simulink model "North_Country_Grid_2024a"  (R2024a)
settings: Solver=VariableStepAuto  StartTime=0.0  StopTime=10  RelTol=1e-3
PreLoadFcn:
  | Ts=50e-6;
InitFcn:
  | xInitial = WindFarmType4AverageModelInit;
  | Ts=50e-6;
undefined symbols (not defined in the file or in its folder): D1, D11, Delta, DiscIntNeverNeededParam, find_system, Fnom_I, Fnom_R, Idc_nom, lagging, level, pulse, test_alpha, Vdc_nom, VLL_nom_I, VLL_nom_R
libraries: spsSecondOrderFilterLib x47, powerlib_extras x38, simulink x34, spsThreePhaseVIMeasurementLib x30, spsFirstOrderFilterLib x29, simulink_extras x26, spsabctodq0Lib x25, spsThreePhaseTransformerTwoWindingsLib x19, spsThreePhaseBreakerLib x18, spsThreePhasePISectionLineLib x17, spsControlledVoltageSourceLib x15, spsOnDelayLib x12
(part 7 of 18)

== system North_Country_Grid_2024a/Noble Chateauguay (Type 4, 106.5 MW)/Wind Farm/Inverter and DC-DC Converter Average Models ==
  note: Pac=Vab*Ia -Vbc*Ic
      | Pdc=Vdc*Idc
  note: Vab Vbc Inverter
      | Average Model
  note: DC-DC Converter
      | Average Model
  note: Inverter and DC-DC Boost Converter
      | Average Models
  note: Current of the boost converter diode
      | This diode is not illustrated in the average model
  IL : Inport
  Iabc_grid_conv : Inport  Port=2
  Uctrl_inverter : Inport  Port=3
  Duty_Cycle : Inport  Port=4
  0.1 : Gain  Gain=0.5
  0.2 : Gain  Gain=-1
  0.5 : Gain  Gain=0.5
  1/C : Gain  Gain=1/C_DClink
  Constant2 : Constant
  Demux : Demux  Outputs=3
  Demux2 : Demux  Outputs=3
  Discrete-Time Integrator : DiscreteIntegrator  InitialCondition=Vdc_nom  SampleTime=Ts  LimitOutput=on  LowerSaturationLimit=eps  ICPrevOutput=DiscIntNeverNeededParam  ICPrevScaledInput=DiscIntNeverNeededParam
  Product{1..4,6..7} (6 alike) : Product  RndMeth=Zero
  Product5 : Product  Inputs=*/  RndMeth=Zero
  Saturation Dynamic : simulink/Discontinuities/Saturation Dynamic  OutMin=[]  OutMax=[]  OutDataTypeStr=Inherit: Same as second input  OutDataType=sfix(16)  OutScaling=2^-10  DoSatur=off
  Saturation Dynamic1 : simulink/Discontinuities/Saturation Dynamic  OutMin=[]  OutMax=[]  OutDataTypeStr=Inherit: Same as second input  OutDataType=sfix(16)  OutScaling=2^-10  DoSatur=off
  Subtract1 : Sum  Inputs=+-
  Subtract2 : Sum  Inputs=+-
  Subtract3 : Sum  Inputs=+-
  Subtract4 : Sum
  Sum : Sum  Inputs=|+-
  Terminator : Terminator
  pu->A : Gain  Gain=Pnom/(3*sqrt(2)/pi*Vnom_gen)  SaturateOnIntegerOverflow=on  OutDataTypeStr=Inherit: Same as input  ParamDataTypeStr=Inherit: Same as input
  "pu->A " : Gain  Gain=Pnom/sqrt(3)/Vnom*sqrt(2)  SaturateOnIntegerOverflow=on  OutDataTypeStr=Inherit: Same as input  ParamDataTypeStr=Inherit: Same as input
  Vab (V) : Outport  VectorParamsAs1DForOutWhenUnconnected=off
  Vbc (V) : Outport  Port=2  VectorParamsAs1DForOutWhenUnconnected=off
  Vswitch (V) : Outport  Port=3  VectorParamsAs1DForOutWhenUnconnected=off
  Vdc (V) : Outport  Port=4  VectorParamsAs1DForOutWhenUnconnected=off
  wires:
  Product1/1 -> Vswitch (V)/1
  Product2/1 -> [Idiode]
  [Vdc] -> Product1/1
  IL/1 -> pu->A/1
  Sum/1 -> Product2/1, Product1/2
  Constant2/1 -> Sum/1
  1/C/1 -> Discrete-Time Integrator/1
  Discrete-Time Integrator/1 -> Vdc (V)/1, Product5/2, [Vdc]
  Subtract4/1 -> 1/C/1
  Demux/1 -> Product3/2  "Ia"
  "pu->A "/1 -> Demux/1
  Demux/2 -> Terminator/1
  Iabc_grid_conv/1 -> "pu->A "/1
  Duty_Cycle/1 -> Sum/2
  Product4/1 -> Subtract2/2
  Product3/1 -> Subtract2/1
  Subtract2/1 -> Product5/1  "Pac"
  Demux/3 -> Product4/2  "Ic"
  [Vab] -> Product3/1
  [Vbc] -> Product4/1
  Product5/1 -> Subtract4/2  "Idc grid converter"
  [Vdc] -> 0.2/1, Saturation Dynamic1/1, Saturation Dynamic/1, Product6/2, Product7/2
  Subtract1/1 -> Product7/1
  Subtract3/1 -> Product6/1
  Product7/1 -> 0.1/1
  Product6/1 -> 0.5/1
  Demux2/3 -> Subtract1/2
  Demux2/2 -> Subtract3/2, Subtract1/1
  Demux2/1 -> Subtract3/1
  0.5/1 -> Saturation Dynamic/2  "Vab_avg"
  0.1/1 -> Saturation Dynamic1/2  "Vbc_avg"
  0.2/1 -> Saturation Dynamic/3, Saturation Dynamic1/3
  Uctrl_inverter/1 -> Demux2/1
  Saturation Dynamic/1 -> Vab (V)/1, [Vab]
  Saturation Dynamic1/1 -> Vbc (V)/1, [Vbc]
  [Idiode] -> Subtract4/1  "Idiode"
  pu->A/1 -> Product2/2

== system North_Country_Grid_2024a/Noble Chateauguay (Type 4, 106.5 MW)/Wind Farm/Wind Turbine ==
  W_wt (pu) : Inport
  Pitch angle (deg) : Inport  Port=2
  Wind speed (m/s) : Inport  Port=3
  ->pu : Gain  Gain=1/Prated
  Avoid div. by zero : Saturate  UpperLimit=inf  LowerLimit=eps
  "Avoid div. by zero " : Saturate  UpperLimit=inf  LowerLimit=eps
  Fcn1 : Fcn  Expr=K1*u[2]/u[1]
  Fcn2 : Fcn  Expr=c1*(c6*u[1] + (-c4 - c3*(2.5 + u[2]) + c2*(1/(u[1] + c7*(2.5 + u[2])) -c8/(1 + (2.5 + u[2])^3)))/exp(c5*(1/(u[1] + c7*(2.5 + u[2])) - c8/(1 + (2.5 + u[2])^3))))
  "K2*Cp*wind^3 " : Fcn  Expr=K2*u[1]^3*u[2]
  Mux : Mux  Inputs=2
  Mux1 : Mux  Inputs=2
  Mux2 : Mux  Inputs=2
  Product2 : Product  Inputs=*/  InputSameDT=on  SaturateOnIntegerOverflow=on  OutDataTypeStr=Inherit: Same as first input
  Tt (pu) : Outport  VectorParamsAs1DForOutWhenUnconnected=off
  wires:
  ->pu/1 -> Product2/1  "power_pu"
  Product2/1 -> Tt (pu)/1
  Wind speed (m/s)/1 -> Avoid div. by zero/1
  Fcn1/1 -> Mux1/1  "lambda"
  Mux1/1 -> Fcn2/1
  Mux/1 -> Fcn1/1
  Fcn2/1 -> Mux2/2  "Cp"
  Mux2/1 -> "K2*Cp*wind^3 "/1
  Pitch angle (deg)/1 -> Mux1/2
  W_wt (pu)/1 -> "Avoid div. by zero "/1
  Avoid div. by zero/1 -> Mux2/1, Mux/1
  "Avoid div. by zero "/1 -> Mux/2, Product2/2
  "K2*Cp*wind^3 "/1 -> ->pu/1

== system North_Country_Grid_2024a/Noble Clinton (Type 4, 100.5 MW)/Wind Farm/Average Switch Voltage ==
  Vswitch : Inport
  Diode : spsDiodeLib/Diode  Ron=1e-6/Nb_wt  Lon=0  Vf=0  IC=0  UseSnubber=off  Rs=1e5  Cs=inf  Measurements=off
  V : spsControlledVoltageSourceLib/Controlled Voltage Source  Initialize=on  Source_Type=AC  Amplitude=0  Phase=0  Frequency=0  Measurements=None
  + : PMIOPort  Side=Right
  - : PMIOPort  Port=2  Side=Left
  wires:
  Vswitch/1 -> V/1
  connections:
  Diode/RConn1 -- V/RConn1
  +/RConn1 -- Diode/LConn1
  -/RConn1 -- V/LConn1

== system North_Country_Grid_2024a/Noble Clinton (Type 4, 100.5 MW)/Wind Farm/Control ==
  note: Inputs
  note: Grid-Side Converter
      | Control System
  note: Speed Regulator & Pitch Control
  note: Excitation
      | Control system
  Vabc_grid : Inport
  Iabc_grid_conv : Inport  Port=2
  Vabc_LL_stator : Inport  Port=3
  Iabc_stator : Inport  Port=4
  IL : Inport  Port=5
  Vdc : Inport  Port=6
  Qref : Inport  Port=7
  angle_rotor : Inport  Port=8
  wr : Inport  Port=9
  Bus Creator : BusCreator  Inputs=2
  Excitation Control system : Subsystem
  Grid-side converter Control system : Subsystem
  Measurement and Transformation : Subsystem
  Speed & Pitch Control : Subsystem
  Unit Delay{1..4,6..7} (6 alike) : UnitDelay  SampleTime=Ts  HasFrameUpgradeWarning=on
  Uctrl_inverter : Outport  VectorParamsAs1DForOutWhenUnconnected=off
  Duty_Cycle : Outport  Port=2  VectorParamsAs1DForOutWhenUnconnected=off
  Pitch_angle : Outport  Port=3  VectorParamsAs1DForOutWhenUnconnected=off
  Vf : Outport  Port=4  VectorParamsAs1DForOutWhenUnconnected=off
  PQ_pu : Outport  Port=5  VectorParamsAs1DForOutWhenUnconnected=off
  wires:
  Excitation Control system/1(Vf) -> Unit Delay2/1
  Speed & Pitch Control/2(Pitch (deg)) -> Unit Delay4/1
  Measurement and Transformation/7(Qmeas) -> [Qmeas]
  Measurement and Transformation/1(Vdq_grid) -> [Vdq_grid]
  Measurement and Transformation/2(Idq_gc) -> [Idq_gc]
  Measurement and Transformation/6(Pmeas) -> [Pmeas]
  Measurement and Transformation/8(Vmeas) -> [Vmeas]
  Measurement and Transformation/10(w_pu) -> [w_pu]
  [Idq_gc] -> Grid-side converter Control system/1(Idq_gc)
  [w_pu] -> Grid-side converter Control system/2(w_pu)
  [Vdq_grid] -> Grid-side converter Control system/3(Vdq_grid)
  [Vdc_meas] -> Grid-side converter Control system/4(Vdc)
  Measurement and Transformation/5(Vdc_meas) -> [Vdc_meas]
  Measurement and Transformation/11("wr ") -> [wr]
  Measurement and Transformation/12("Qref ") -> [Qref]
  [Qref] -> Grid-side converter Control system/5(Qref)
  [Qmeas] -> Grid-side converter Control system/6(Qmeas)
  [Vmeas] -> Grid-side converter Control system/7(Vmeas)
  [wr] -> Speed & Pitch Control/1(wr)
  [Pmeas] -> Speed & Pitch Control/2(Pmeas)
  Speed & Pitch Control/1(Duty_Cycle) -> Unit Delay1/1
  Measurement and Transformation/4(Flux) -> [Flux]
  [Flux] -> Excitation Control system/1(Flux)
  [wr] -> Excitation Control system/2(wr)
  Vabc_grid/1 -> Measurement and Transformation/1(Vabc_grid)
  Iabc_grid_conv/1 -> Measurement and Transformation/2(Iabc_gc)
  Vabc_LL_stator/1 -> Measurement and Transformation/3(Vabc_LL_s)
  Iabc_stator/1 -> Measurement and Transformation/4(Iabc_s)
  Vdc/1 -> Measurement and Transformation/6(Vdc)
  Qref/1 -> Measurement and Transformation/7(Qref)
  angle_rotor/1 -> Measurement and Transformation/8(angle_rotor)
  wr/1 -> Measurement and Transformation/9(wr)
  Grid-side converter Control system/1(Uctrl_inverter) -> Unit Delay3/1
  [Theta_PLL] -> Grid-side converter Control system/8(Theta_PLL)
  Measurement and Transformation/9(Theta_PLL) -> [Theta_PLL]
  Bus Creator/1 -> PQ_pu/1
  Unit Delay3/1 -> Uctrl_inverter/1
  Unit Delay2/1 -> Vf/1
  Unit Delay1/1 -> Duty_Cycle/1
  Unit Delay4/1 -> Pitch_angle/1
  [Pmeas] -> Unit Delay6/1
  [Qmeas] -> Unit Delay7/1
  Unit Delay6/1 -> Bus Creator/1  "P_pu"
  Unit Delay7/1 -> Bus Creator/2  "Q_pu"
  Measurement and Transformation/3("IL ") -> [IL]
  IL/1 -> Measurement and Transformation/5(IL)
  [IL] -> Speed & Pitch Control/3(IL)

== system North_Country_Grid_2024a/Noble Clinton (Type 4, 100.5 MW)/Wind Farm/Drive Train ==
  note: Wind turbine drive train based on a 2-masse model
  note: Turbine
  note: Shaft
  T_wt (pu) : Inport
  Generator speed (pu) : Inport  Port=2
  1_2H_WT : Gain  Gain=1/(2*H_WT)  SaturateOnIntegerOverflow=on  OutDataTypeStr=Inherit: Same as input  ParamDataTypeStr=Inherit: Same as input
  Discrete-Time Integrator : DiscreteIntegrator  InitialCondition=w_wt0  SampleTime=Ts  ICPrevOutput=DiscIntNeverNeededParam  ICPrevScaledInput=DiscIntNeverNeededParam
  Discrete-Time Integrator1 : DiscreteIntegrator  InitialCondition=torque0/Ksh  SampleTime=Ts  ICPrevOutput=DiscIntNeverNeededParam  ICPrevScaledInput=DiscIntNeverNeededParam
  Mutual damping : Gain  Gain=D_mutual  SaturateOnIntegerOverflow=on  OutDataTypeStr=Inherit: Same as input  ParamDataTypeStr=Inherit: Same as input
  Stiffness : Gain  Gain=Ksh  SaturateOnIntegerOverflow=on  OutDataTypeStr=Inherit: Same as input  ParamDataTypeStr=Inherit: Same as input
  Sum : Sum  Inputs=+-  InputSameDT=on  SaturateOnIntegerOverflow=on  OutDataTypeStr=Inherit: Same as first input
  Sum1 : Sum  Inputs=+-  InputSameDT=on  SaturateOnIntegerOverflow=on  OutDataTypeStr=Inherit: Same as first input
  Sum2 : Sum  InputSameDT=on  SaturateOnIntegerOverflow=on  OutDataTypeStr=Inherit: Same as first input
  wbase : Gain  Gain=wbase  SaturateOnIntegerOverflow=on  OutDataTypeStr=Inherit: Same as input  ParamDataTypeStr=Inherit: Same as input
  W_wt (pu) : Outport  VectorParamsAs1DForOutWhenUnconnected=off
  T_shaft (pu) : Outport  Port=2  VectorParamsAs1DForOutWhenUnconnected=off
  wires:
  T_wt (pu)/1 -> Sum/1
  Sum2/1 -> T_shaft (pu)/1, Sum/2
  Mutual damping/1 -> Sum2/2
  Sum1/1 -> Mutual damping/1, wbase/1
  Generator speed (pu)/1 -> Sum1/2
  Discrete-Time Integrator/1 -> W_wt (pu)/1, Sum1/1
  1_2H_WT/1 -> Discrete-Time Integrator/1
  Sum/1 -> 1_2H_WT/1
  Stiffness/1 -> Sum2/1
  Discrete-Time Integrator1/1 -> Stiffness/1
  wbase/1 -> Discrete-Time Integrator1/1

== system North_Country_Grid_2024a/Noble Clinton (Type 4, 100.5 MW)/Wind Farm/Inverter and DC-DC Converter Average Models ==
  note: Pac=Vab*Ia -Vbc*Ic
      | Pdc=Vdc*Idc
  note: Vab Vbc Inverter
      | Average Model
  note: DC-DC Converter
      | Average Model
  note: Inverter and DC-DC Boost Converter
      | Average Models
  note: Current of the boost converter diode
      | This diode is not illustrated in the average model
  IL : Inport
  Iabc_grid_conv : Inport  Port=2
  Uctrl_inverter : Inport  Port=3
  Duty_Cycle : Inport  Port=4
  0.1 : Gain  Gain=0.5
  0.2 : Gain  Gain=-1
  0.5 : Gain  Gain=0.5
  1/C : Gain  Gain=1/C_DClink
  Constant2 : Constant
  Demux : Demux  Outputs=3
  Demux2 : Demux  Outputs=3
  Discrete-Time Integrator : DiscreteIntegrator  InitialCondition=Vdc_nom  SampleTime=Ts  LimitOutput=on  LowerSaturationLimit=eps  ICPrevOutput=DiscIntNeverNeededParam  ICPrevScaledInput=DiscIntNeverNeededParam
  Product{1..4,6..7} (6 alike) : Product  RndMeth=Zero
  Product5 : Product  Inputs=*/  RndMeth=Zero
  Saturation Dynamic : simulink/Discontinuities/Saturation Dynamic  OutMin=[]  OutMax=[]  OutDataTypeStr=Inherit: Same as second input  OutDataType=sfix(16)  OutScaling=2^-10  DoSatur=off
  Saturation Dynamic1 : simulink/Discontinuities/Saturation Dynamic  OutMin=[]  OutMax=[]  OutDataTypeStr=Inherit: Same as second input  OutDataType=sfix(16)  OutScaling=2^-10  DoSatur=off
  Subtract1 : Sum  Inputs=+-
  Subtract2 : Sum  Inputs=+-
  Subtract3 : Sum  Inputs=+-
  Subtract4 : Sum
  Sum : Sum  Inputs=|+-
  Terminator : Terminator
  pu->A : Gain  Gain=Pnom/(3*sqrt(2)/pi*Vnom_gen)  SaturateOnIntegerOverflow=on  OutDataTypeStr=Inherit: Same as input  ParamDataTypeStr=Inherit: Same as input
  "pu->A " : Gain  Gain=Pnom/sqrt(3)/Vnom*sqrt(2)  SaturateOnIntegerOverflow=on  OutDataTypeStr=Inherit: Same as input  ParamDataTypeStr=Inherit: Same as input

===============

WHAT IS NEEDED
Set out every line from the material that contains the string "Chateauguay".

EXERCISE SOLUTION
== system North_Country_Grid_2024a/Noble Chateauguay (Type 4, 106.5 MW)/Wind Farm/Inverter and DC-DC Converter Average Models ==
== system North_Country_Grid_2024a/Noble Chateauguay (Type 4, 106.5 MW)/Wind Farm/Wind Turbine ==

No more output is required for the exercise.